<<<<

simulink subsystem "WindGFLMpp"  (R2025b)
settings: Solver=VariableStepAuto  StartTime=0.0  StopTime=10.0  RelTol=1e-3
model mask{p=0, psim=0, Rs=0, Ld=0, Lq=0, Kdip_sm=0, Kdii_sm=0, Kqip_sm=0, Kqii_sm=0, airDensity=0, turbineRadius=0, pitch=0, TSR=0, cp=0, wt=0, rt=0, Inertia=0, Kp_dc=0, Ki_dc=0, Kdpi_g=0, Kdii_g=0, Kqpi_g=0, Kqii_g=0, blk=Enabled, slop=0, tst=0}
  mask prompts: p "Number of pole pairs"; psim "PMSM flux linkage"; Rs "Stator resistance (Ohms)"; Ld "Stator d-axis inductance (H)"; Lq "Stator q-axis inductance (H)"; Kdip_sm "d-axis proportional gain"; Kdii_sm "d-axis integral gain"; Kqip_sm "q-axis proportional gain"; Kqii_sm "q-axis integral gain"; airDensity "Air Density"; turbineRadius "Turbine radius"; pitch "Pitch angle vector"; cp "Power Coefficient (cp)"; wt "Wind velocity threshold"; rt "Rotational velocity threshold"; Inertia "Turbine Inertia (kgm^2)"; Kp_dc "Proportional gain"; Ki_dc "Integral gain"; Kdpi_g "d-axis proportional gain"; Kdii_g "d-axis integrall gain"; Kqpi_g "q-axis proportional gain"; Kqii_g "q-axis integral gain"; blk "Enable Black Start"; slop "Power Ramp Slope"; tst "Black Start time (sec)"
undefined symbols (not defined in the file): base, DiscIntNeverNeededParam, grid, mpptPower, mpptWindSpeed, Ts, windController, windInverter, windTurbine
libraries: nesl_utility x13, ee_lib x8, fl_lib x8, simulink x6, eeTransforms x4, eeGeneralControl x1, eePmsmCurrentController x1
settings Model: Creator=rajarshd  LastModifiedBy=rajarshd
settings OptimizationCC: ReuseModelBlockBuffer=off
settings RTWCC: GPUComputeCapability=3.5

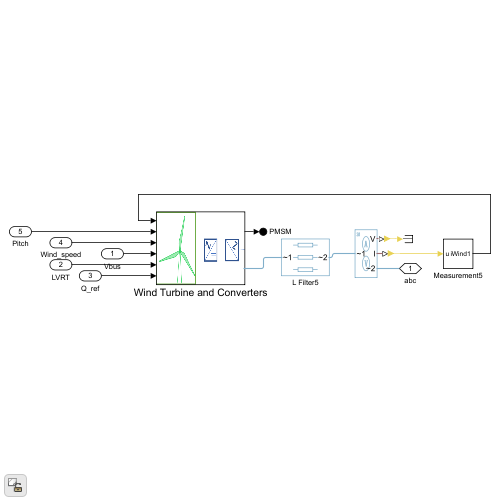
[thumbnail: Simulink's stored preview of the top-level diagram]
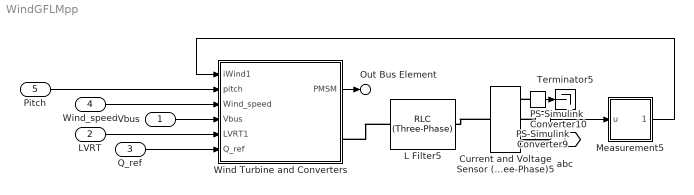
== system WindGFLMpp ==
  Vbus : Inport
  LVRT : Inport  Port=2
  Q_ref : Inport  Port=3
  Wind_speed : Inport  Port=4
  Pitch : Inport  Port=5
  Current and Voltage Sensor (Three-Phase)5 : ee_lib/Sensors & Transducers/Current and Voltage Sensor (Three-Phase)  vMeasurementType=ee.enum.vmeasurement.lg  outputUnit=ee.enum.unit.pu  SRated=base.mVA A*V  VRated=base.kV V  I_specify=off  I_priority=None  I=[0, 0, 0] A  I_nominal_specify=off  I_nominal_value=1  I_nominal_unit=A  V_specify=off  V_priority=None  V=[0, 0, 0] V  V_nominal_specify=off  V_nominal_value=1  V_nominal_unit=V
      settings: InternalSimscapePortConfiguration="{\"Bottom\":[],\"Left\":[{\"id\":\"N1\",\"label\":\"~1\",\"type\":\"foundation.electrical.three_phase\"}],\"Right\":[{\"id\":\"V_output\",\"label\":\"V\",\"type\":\"output\"},{\"id\":\"I_output\",\"label\":\"I\",\"type\":\"output\"},{\"id\":\"N2\",\"label\":\"~2\",\"type\":\"foundation.electrical.three_phase\"}],\"Top\":[]}"
  L Filter5 : ee_lib/Passive/RLC Assemblies/RLC (Three-Phase)  port_option=ee.enum.threePhasePort.composite  component_structure=ee.enum.rlc.structure.L  R=1e-3 Ohm  L=windInverter.l H  C=1e-6 F  R_parasitic=0 Ohm  G_parasitic=0 1/Ohm  IL_specify=off  IL_priority=High  IL=[0, 0, 0] A  IL_nominal_specify=off  IL_nominal_value=1  IL_nominal_unit=A  VC_specify=off  VC_priority=High  VC=[0, 0, 0] V  VC_nominal_specify=off  VC_nominal_value=1  VC_nominal_unit=V
      settings: InternalSimscapePortConfiguration="{\"Bottom\":[],\"Left\":[{\"id\":\"N1\",\"label\":\"~1\",\"type\":\"foundation.electrical.three_phase\"}],\"Right\":[{\"id\":\"N2\",\"label\":\"~2\",\"type\":\"foundation.electrical.three_phase\"}],\"Top\":[]}"
  Measurement5 : Subsystem
  PS-Simulink Converter10 : nesl_utility/PS-Simulink Converter  PhysicalDomain=network_engine_domain  SubClassName=ps_output  LeftPortType=input  RightPortType=output  PseudoPeriodic=off  Frequencies=[]  VectorFormat=inherit  Unit=inherit  AffineConversion=off
  PS-Simulink Converter9 : nesl_utility/PS-Simulink Converter  PhysicalDomain=network_engine_domain  SubClassName=ps_output  LeftPortType=input  RightPortType=output  PseudoPeriodic=off  Frequencies=[]  VectorFormat=inherit  Unit=inherit  AffineConversion=off
  Terminator5 : Terminator
  Wind Turbine and Converters : Subsystem
      mask Display: image('T4wind.png'); % Use "Edit Image" on toolstrip to change.
  abc : PMIOPort  Side=Right
  Out Bus Element : Outport  PortName=PMSM
  wires:
  PS-Simulink Converter10/1 -> Terminator5/1
  PS-Simulink Converter9/1 -> Measurement5/1(u)
  Wind_speed/1 -> Wind Turbine and Converters/3(Wind_speed)
  Wind Turbine and Converters/1(PMSM) -> Out Bus Element/1
  Vbus/1 -> Wind Turbine and Converters/4(Vbus)
  LVRT/1 -> Wind Turbine and Converters/5(LVRT1)
  Q_ref/1 -> Wind Turbine and Converters/6(Q_ref)
  Measurement5/1(iWind1) -> Wind Turbine and Converters/1(iWind1)
  Pitch/1 -> Wind Turbine and Converters/2(pitch)
  connections:
  PS-Simulink Converter9/LConn1 -- Current and Voltage Sensor (Three-Phase)5/RConn2
  PS-Simulink Converter10/LConn1 -- Current and Voltage Sensor (Three-Phase)5/RConn1
  L Filter5/LConn1 -- Wind Turbine and Converters/RConn1
  Current and Voltage Sensor (Three-Phase)5/LConn1 -- L Filter5/RConn1
  Current and Voltage Sensor (Three-Phase)5/RConn3 -- abc/RConn1

== system WindGFLMpp/Measurement5 ==
  u : Inport
  Low-Pass Filter (Discrete or Continuous) : eeGeneralControl/Low-Pass Filter (Discrete or Continuous)  K=1  T=2e-4  B=inf  A=-inf  init_option=Inherited from block input  x0=0  Ts=-1
  Out Bus Element : Outport  PortName=iWind1  Element=1
  wires:
  Low-Pass Filter (Discrete or Continuous)/1 -> Out Bus Element/1
  u/1 -> Low-Pass Filter (Discrete or Continuous)/1

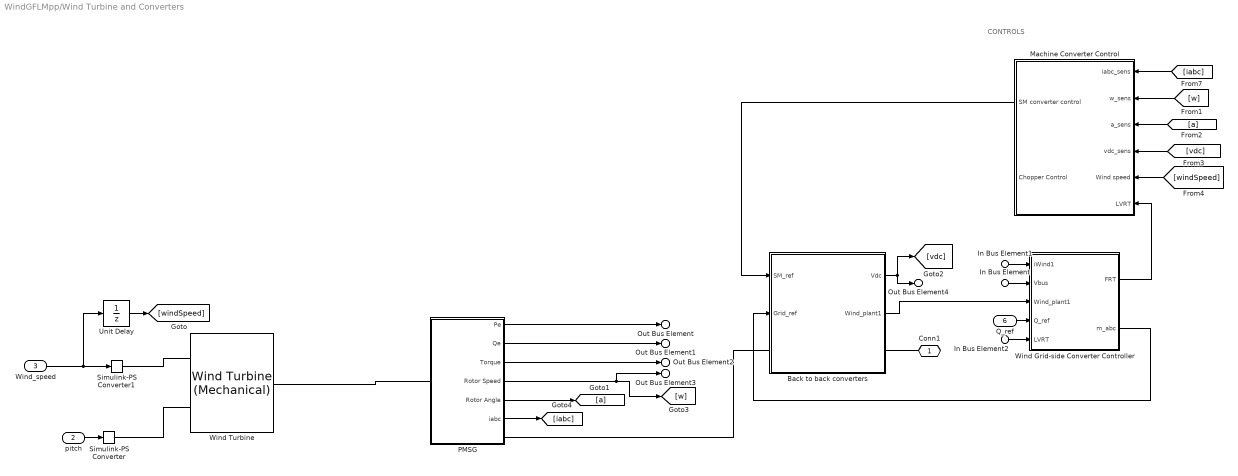
== system WindGFLMpp/Wind Turbine and Converters ==
  note: CONTROLS
  In Bus Element1 : Inport  PortName=iWind1
  pitch : Inport  Port=2
  Wind_speed : Inport  Port=3
  In Bus Element : Inport  Port=4  PortName=Vbus
  In Bus Element2 : Inport  Port=5  PortName=LVRT1
  Q_ref : Inport  Port=6
  Back to back converters : Subsystem
  Machine Converter Control : Subsystem
  PMSG : Subsystem
  Simulink-PS Converter : nesl_utility/Simulink-PS Converter  PhysicalDomain=network_engine_domain  SubClassName=ps_input  LeftPortType=input  RightPortType=output  PseudoPeriodic=off  Frequencies=[]  NoiseDistribution=none  NoiseParameters=[]  Unit=1  AffineConversion=off  FilteringAndDerivatives=provide  SimscapeFilterOrder=1  InputFilterTimeConstant=0.001  UdotUserProvided=0
  Simulink-PS Converter1 : nesl_utility/Simulink-PS Converter  PhysicalDomain=network_engine_domain  SubClassName=ps_input  LeftPortType=input  RightPortType=output  PseudoPeriodic=off  Frequencies=[]  NoiseDistribution=none  NoiseParameters=[]  Unit=1  AffineConversion=off  FilteringAndDerivatives=provide  SimscapeFilterOrder=1  InputFilterTimeConstant=0.001  UdotUserProvided=0
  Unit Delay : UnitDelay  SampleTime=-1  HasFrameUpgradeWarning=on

>>>>

**WORK REQUEST:** A verbatim transcription is needed of the lines above, starting at the line with "Machine Converter Control : Subsystem" and ending at the line with "Simulink-PS Converter : nesl_utility/Simulink-PS", both included, and of nothing else.

**ANSWER BOX:**
  Machine Converter Control : Subsystem
  PMSG : Subsystem
  Simulink-PS Converter : nesl_utility/Simulink-PS Converter  PhysicalDomain=network_engine_domain  SubClassName=ps_input  LeftPortType=input  RightPortType=output  PseudoPeriodic=off  Frequencies=[]  NoiseDistribution=none  NoiseParameters=[]  Unit=1  AffineConversion=off  FilteringAndDerivatives=provide  SimscapeFilterOrder=1  InputFilterTimeConstant=0.001  UdotUserProvided=0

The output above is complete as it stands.